Pros: Cheaper, Comes with fine dust filter, quieter, (saw the same vac with an upgraded accessory kit that we have in the overhead for the same price, maybe for a special)

Cons: Little less powerful, no blower option.

I really like the idea of the blower option, it would be real handy. I guess the only thing between me and a decision is the noise threshold (i can just plug them in at work) and whether or not I can snag one of the upgraded wd1450's down from the overhead.

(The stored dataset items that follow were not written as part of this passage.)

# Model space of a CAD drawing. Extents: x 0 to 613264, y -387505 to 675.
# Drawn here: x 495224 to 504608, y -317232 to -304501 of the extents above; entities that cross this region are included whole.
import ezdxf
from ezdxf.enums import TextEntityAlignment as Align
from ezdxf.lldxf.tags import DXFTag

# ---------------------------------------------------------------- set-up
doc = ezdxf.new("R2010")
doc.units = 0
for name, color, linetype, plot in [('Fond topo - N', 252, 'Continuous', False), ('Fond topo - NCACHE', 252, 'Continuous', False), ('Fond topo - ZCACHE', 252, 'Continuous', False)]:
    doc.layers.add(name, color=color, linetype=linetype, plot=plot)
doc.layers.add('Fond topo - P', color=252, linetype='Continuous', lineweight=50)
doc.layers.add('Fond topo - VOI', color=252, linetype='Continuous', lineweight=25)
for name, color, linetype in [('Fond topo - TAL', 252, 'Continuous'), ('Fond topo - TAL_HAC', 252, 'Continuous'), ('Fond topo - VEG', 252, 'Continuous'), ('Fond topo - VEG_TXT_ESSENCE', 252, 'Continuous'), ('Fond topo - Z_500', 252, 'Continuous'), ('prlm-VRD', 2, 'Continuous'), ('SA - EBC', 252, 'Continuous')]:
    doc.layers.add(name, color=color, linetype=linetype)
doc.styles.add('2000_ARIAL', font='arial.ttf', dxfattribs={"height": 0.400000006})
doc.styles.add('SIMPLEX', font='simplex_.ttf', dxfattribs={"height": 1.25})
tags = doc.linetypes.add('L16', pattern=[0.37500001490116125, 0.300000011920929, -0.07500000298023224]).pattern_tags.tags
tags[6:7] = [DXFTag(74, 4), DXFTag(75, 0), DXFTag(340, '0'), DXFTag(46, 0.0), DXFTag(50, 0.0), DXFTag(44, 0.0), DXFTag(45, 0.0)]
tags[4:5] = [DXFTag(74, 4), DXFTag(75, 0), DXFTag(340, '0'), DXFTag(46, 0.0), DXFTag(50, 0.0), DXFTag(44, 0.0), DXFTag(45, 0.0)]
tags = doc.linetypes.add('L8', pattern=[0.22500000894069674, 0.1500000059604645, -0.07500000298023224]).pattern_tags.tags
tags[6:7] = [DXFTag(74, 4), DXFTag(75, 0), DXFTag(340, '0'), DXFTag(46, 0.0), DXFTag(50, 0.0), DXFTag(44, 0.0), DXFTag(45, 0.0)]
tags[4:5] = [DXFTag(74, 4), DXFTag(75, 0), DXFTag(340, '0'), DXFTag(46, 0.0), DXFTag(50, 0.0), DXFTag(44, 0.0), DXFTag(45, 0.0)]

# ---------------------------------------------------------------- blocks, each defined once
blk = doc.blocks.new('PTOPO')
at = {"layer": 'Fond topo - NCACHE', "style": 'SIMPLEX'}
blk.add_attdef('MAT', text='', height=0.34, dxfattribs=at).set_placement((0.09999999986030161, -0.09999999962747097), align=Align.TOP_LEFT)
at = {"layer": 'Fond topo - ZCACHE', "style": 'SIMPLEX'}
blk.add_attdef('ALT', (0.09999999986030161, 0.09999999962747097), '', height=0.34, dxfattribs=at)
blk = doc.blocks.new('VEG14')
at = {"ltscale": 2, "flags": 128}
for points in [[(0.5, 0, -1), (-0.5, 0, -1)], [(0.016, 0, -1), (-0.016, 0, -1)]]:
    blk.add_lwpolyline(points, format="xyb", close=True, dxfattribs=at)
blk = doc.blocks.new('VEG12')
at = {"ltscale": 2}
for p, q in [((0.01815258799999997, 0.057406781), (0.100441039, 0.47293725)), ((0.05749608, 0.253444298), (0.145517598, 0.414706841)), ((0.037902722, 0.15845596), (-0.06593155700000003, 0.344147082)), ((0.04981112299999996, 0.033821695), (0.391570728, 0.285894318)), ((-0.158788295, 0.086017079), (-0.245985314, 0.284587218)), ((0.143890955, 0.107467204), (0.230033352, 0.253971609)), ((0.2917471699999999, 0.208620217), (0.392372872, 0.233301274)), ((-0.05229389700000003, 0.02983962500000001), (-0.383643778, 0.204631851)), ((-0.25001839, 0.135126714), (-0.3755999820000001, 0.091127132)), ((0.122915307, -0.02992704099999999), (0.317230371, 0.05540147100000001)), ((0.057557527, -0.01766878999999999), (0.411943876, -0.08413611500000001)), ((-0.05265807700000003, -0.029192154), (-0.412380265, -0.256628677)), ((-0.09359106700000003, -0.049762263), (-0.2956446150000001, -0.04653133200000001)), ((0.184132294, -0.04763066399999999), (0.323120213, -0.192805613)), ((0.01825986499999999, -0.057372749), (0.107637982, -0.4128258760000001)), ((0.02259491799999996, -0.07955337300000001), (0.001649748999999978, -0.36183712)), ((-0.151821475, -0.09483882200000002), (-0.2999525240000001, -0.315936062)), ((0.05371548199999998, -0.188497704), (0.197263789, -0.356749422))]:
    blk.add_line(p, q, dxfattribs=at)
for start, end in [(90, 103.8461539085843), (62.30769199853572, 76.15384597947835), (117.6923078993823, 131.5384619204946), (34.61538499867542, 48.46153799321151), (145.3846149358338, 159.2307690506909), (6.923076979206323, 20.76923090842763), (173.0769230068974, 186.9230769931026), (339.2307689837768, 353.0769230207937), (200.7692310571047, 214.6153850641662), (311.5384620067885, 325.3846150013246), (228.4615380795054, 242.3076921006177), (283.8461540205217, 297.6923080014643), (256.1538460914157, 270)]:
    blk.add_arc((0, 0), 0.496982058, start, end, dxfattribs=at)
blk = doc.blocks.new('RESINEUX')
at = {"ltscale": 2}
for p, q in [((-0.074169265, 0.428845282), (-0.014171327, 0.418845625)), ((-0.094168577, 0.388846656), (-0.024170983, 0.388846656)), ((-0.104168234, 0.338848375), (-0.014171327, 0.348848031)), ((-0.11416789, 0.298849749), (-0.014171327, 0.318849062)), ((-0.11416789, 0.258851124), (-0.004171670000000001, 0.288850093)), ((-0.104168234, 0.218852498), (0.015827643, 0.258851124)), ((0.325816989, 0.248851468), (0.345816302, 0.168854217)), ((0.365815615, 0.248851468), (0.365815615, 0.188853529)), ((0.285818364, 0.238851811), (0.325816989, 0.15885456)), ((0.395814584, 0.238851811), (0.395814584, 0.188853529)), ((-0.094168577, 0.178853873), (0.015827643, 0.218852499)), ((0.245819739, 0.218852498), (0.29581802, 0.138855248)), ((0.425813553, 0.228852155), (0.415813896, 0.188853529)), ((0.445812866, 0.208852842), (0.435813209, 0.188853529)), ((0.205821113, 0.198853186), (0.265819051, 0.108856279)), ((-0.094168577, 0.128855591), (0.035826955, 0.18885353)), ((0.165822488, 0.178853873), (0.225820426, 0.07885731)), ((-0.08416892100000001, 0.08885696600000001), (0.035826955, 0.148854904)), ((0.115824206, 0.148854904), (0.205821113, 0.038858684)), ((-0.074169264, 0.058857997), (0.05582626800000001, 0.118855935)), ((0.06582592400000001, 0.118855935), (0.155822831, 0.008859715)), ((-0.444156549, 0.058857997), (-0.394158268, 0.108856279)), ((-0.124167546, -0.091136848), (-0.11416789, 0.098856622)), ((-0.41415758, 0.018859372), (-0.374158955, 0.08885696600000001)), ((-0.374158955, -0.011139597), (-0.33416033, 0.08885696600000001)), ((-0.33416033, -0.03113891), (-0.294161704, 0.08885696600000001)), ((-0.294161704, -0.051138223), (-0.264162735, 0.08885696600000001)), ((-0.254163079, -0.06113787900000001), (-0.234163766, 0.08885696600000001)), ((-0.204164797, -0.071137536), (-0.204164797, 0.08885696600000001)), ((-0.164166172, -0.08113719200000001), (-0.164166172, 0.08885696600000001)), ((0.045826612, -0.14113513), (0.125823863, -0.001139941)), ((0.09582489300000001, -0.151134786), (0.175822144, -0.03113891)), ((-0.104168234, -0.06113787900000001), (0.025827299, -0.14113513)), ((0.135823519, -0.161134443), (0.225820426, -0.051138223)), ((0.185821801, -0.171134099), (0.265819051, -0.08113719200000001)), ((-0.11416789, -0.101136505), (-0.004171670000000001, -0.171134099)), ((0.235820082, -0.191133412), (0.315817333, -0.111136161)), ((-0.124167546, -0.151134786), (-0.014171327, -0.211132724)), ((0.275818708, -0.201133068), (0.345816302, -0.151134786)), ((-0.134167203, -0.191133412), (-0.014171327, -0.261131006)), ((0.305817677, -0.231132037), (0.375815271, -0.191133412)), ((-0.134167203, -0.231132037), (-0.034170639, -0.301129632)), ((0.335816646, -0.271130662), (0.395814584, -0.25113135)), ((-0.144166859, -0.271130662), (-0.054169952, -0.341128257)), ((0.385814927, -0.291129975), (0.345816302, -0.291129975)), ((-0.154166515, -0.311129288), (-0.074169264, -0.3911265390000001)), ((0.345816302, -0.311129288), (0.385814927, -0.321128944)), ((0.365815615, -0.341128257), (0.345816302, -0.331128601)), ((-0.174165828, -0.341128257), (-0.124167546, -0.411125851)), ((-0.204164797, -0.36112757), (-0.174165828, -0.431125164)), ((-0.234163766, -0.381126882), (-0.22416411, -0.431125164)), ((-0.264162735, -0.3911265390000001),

Open to any suggestions, THANKS.


----------



## kreitzm (Dec 31, 2012)

I can attest to the performance of the blower vac. I purchased one in December because I picked up the Dust Deputy as well. I was a bit worried thinking that having it perform double duty as a blower and a vac might affect its primary ability as a vacuum. It works excellent in both functions. And, the Dust Deputy is everything it claims to be. I did buy a better filter for the vac and the accessory kit as well. I am completely satisfied with the set up. I think you will be happy with the purchase if you go that way.


----------



## gtbuzz (Sep 19, 2011)

I wouldn't look at the "power" numbers for either of the vacuums personally. Shop vac power ratings come from the peak current draw when the motor is first started. There is a very short spike and this is the numbers that manufacturers use. After the spike the current draw will settle to a running load. The peak can also vary based on motor design as well, so it might not even be a concrete comparison between shop vacs of the same brand. It's at best a qualitative comparison that can give you a ballpark idea, so in this case, the 1/2 extra "horse" is rather meaningless.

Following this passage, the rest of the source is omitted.